The company is targeting the mixed-signal market; it sees 3D vias as means of combining digital and analog ICs while overcoming the inherent speed and performance gaps inherent between analog and digital. "We think 3D offers a near perfect solution," Markunas said.
3D interconnect is engendering even bigger dreams than routers-on-a-chip and analog devices at digital speeds. Technology IP company Reveo Inc. envisions stacking as much as a 1,000 layers of ICs, creating such devices as terabit memory the size of a cubic centimeter, or a even a terabyte memory module that would fit in a shoebox.
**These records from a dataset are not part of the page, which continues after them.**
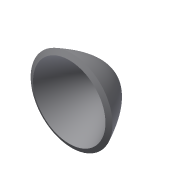
# Autodesk Inventor part: bowl
Saved by Autodesk Inventor 2015 (Build 190159000, 159)
## iProperties
Created: 2014-10-03
Part Number: bowl
Material: Generic
Document SubType Name: Modeling
Designer: Peter
Density: 1 g/cm^3
Appearance: Default
Author: Peter
Autodesk Inventor part; units mm, degrees
ref_plane "YZ Plane" through (0, 0, 0) normal (1, 0, 0) x (0, 1, 0)
ref_plane "XZ Plane" through (0, 0, 0) normal (0, 1, 0) x (-1, 0, 0)
ref_plane "XY Plane" through (0, 0, 0) normal (0, 0, 1) x (1, 0, 0)
sketch "Sketch2" plane through (0, 0, 0) normal (1, 0, 0) x (0, 1, 0)
  spline S0 degree 5 poles (0, 0) (7.9252, 0.0002) (15.8579, 1.0297) (23.5911, 3.0959) (39.9646, 9.4606) (54.7305, 19.0433) (62.2954, 24.9474) (78.5555, 39.4958) (92.865, 55.9897) (100.3984, 65.625) (116.485, 88.056) (130.7996, 111.6655) (138.3443, 125.063) (145.527, 138.6542) (152.4, 152.4) knots 0 0 0 0 0 0 0.17584 0.17584 0.17584 0.388045 0.388045 0.388045 0.659073 0.659073 0.659073 1 1 1 1 1 1
  line L0 (0, 0) -> (0, -22.225)
  line L1 (152.4, 152.4) -> (172.2786, 142.4607)
  spline S1 degree 5 poles (0.0006, -22.225) (9.486, -22.2244) (18.9759, -21.0841) (28.2702, -18.7919) (45.4799, -12.514) (61.2688, -3.244) (68.4843, 1.7564) (81.8275, 12.3068) (93.9952, 24.1892) (99.6399, 30.1928) (110.3012, 42.399) (120.175, 55.2497) (124.8603, 61.6956) (133.8431, 74.6837) (142.2809, 88.0323) (146.3409, 94.7207) (154.1994, 108.1546) (161.6596, 121.8137) (165.2799, 128.6547) (168.8175, 135.5385) (172.2786, 142.4606) knots 0 0 0 0 0 0 0.189726 0.189726 0.189726 0.364788 0.364788 0.364788 0.529442 0.529442 0.529442 0.688757 0.688757 0.688757 0.845215 0.845215 0.845215 1 1 1 1 1 1
  dimension "d4" = 22.225
  dimension "d5" = 63.435
  constraints: 4 end point, 1 vertical, 8 other
  measures "d5" angle of L0 L1
revolve "Revolution1" add sketch "Sketch2" angle 360 about axis through (0, 0, 0) along (0, 0, -1)
equation "curve S0 of \"Sketch2\": x = t; y = t^2/6; t from d2 to d3"
body "Solid1"
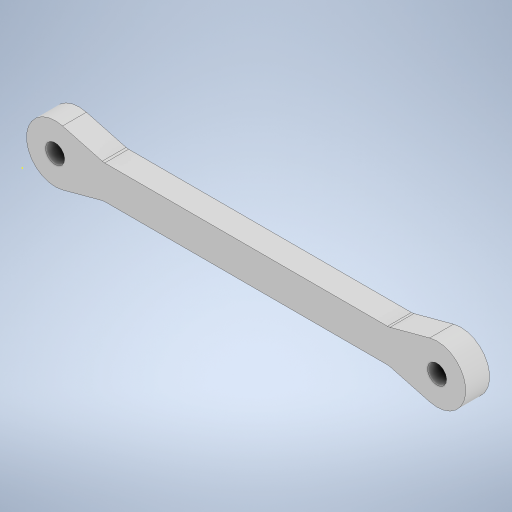
# Autodesk Inventor part: STEP translator 7.5 1
Saved by Autodesk Inventor 2023 (Build 270158000, 158)
## iProperties
Created: 2023-11-09
Part Number: STEP translator 7.5 1
Material: Genérico
Description: Model
Document SubType Name: Modeling
Designer: JULIAN
Authority: Unknown
Density: 1 g/cm^3
Appearance: Valor por defecto
Title: Shape Model
Autodesk Inventor part; units mm, degrees
ref_plane "YZ Plane" through (0, 0, 0) normal (1, 0, 0) x (0, 1, 0)
ref_plane "XZ Plane" through (0, 0, 0) normal (0, 1, 0) x (-1, 0, 0)
ref_plane "Plano de trabajo1" through (86.86, 8.06, 0.025) normal (0, 0, -1) x (-0.9876, 0.157, 0)
sketch "Boceto1" plane through (86.86, 8.06, 0.025) normal (0, 0, -1) x (-0.9876, 0.157, 0)
  line L0 (0.3099, -7.9427) -> (0.3097, -7.9404)
  circle A0 centre (-0.3141, -1.974) radius 1.9997
  arc A1 (2.1306, 3.5042) -> (0.3097, -7.9404) centre (-0.3141, -1.974) ccw
  arc A2 (76.2508, -20.0134) -> (78.0703, -8.566) centre (78.6942, -14.5335) ccw
  circle A3 centre (78.6942, -14.5335) radius 2
  line L1 (10.4901, -0.1486) -> (9.9896, 0)
  line L2 (69.5109, -9.4609) -> (68.989, -9.4469)
  line L3 (67.8902, -16.3602) -> (68.3907, -16.5087)
  line L4 (9.3912, -7.0618) -> (8.8693, -7.0478)
  line L5 (9.9896, 0) -> (2.1306, 3.5042)
  line L6 (8.8693, -7.0478) -> (0.3097, -7.9404)
  line L7 (9.3912, -7.0618) -> (67.8902, -16.3602)
  line L8 (68.3907, -16.5087) -> (76.2508, -20.0134)
  line L9 (78.0703, -8.566) -> (69.5109, -9.4609)
  line L10 (68.989, -9.4469) -> (10.4901, -0.1486)
  point P0 (84.5179, -21.5953)
  point P1 (2.1295, 3.5047)
  point P2 (78.0703, -8.566)
  point P3 (1.5536, -1.2595)
  point P4 (76.719, -14.2196)
  constraints: 22 end point, 6 point on circle, 2 centre point, 2 coincident, 2 parallel, 6 other
extrude "Extrusión1" add sketch "Boceto1" along normal blind 5
sketch "Boceto2" plane through (86.86, 8.06, 0.025) normal (0, 0, 1) x (0.9876, -0.157, 0)
  point P0 (-84.5179, -21.5953)
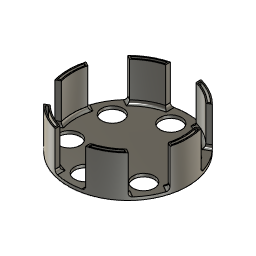
v01.01-sim-dash-g920-base (Autodesk Fusion 360 design; units mm, degrees)
Autodesk Fusion 360 part; units mm, degrees
sketch "Sketch1" plane through (0, 0, 0) normal (0, 0, 1) x (1, 0, 0)
  circle A0 centre (0, 0) radius 39
  dimension "d5" = 78
  constraint coincident A0.centre origin
  measures "d5" diameter of A0
extrude "Extrude1" add sketch "Sketch1" along normal blind 2
sketch "Sketch4" plane through (0, 0, 2) normal (0, 0, 1) x (-1, 0, 0)
  circle A0 centre (0, 0) radius 39
  circle A1 centre (0, 0) radius 36
  circle A2 centre (0, 0) radius 39
  dimension "d7" = 78
  dimension "d8" = 72
  constraint concentric A0 A1
  constraint concentric A1 A2
  measures "d7" diameter of A2
  measures "d8" diameter of A1
extrude "Extrude3" add sketch "Sketch4" along normal blind 25
sketch "Sketch8" plane through (0, 0, 2) normal (0, 0, 1) x (-1, 0, 0)
  circle A0 centre (0, 28) radius 7
  circle A1 centre (-24.2487, 14) radius 7
  circle A2 centre (-24.2487, -14) radius 7
  circle A3 centre (0, -28) radius 7
  circle A4 centre (24.2487, -14) radius 7
  circle A5 centre (24.2487, 14) radius 7
  dimension "d26" = 14
  dimension "d28" = 360
  dimension "d29" = 28
  constraint vertical A0.centre origin
  measures "d26" diameter of A0
  measures "d29" vertical distance of A0.centre origin
extrude "Extrude6" cut sketch "Sketch8" against normal through all
sketch "Sketch6" plane through (0, 0, 27) normal (0, 0, 1) x (-1, 0, 0)
  circle A0 centre (0, 0) radius 36
  circle A1 centre (0, 0) radius 39
  line L0 (10, 12.5455) -> (-10, 12.5455)
  line L1 (-10, 12.5455) -> (-10, 52.5455)
  line L2 (-10, 52.5455) -> (10, 52.5455)
  line L3 (10, 52.5455) -> (10, 12.5455)
  line L4 (-40.5057, 34.933) -> (-5.8647, 14.933)
  line L5 (-50.5057, 17.6125) -> (-40.5057, 34.933)
  line L6 (-15.8647, -2.3875) -> (-50.5057, 17.6125)
  line L7 (-50.5057, -17.6125) -> (-15.8647, 2.3875)
  line L8 (-40.5057, -34.933) -> (-50.5057, -17.6125)
  line L9 (-5.8647, -14.933) -> (-40.5057, -34.933)
  line L10 (-10, -52.5455) -> (-10, -12.5455)
  line L11 (10, -52.5455) -> (-10, -52.5455)
  line L12 (10, -12.5455) -> (10, -52.5455)
  line L13 (40.5057, -34.933) -> (5.8647, -14.933)
  line L14 (50.5057, -17.6125) -> (40.5057, -34.933)
  line L15 (15.8647, 2.3875) -> (50.5057, -17.6125)
  line L16 (50.5057, 17.6125) -> (15.8647, -2.3875)
  line L17 (40.5057, 34.933) -> (50.5057, 17.6125)
  line L18 (5.8647, 14.933) -> (40.5057, 34.933)
  dimension "d11" = 20
  dimension "d12" = 40
  dimension "d13" = 10
  dimension "d33" = 360
  constraint horizontal L0
  constraint vertical L1
  constraint horizontal L2
  constraint vertical L3
  measures "d11" distance of L0.start L0.end
  measures "d12" distance of L0.start L2.end
  measures "d13" distance of A0.centre L3
extrude "Extrude7" cut sketch "Sketch6" against normal up to surface (25 mm away) contours A0 A1 L16 L18 | A0 A1 L13 L15 | A0 A1 L1 L3 | A0 A1 L10 L12 | A0 A1 L4 L6 | A0 A1 L7 L9
sketch "Sketch9" plane through (0, 0, 27) normal (0, 0, 1) x (-1, 0, 0)
  line L0 (27.6458, -27.5083) -> (24.95, -25.9519)
  arc A0 (10, -34.5832) -> (24.95, -25.9519) centre (0, 0) ccw
  line L1 (10, -34.5832) -> (10, -37.6962)
  arc A1 (10, -37.6962) -> (27.6458, -27.5083) centre (0, 0) ccw
  circle A2 centre (0, 0) radius 38.25
  circle A3 centre (0, 0) radius 36.75
  line L2 (11, -45) -> (-11, -45)
  line L3 (-11, -45) -> (-11, -19)
  line L4 (-11, -19) -> (11, -19)
  line L5 (11, -19) -> (11, -45)
  line L6 (44.4711, -12.9737) -> (33.4711, -32.0263)
  line L7 (21.9545, 0.0263) -> (44.4711, -12.9737)
  line L8 (10.9545, -19.0263) -> (21.9545, 0.0263)
  line L9 (33.4711, -32.0263) -> (10.9545, -19.0263)
  line L10 (33.4711, 32.0263) -> (44.4711, 12.9737)
  line L11 (10.9545, 19.0263) -> (33.4711, 32.0263)
  line L12 (21.9545, -0.0263) -> (10.9545, 19.0263)
  line L13 (44.4711, 12.9737) -> (21.9545, -0.0263)
  line L14 (-11, 45) -> (11, 45)
  line L15 (-11, 19) -> (-11, 45)
  line L16 (11, 19) -> (-11, 19)
  line L17 (11, 45) -> (11, 19)
  line L18 (-44.4711, 12.9737) -> (-33.4711, 32.0263)
  line L19 (-21.9545, -0.0263) -> (-44.4711, 12.9737)
  line L20 (-10.9545, 19.0263) -> (-21.9545, -0.0263)
  line L21 (-33.4711, 32.0263) -> (-10.9545, 19.0263)
  line L22 (-33.4711, -32.0263) -> (-44.4711, -12.9737)
  line L23 (-10.9545, -19.0263) -> (-33.4711, -32.0263)
  line L24 (-21.9545, 0.0263) -> (-10.9545, -19.0263)
  line L25 (-44.4711, -12.9737) -> (-21.9545, 0.0263)
  dimension "d36" = 76.5
  dimension "d37" = 73.5
  dimension "d38" = 22
  dimension "d39" = 11
  dimension "d41" = 360
  constraint concentric A0 A2
  constraint concentric A2 A3
  constraint horizontal L2
  constraint vertical L3
  constraint horizontal L4
  constraint vertical L5
  measures "d36" diameter of A2
  measures "d37" diameter of A3
  measures "d38" distance of L2.start L2.end
  measures "d39" horizontal distance of A0.centre L4.end
extrude "Extrude8" cut sketch "Sketch9" against normal up to surface (25 mm away) contours A2 A3 L5 L9 | A2 A3 L7 L13 | A2 A3 L3 L23 | A2 A3 L11 L17 | A2 A3 L19 L25 | A2 A3 L15 L21
fillet "Fillet3" radius 2 18 edges at (-36, 0, 2) (-18, 31.1769, 2) (-36.2979, -9.4096, 2) (-36.2979, 9.4096, 2) (-10, 36.1397, 2) (-26.2979, 26.7301, 2) (18, 31.1769, 2) (26.2979, 26.7301, 2) (10, 36.1397, 2) (36.2979, 9.4096, 2) (36, 0, 2) (36.2979, -9.4096, 2) (10, -36.1397, 2) (18, -31.1769, 2) (26.2979, -26.7301, 2) (-18, -31.1769, 2) (-26.2979, -26.7301, 2) (-10, -36.1397, 2)

The company has invented what it calls multi-filo-layer technology that involves selective bonding and peeling ultra thin layers of 10nm to 10-microns -- layers on which IC features have already been built, said Sadeg Faris, Reveo chairman and CEO. The technology can enable IC densities three orders of magnitude more than what can be accomplished with standard technology, Faris claimed.
He further said that the technology can be implemented with existing fabs and toolsets; an existing fab could be retrofitted for around $50 million to fabricate devices based on the multi filo-layer technology, he said.
Attendees at the conference seemed somewhat skeptical of the idea of what would essentially involve stacking hundreds of die, particularly when it comes to testing and determining known good die -- a key challenge to implementing 3D interconnect architectures. Much like memory bits can be addressed and reprogrammed to repair bad bits, the multi filo-layer stacks would be addressable, Faris suggested.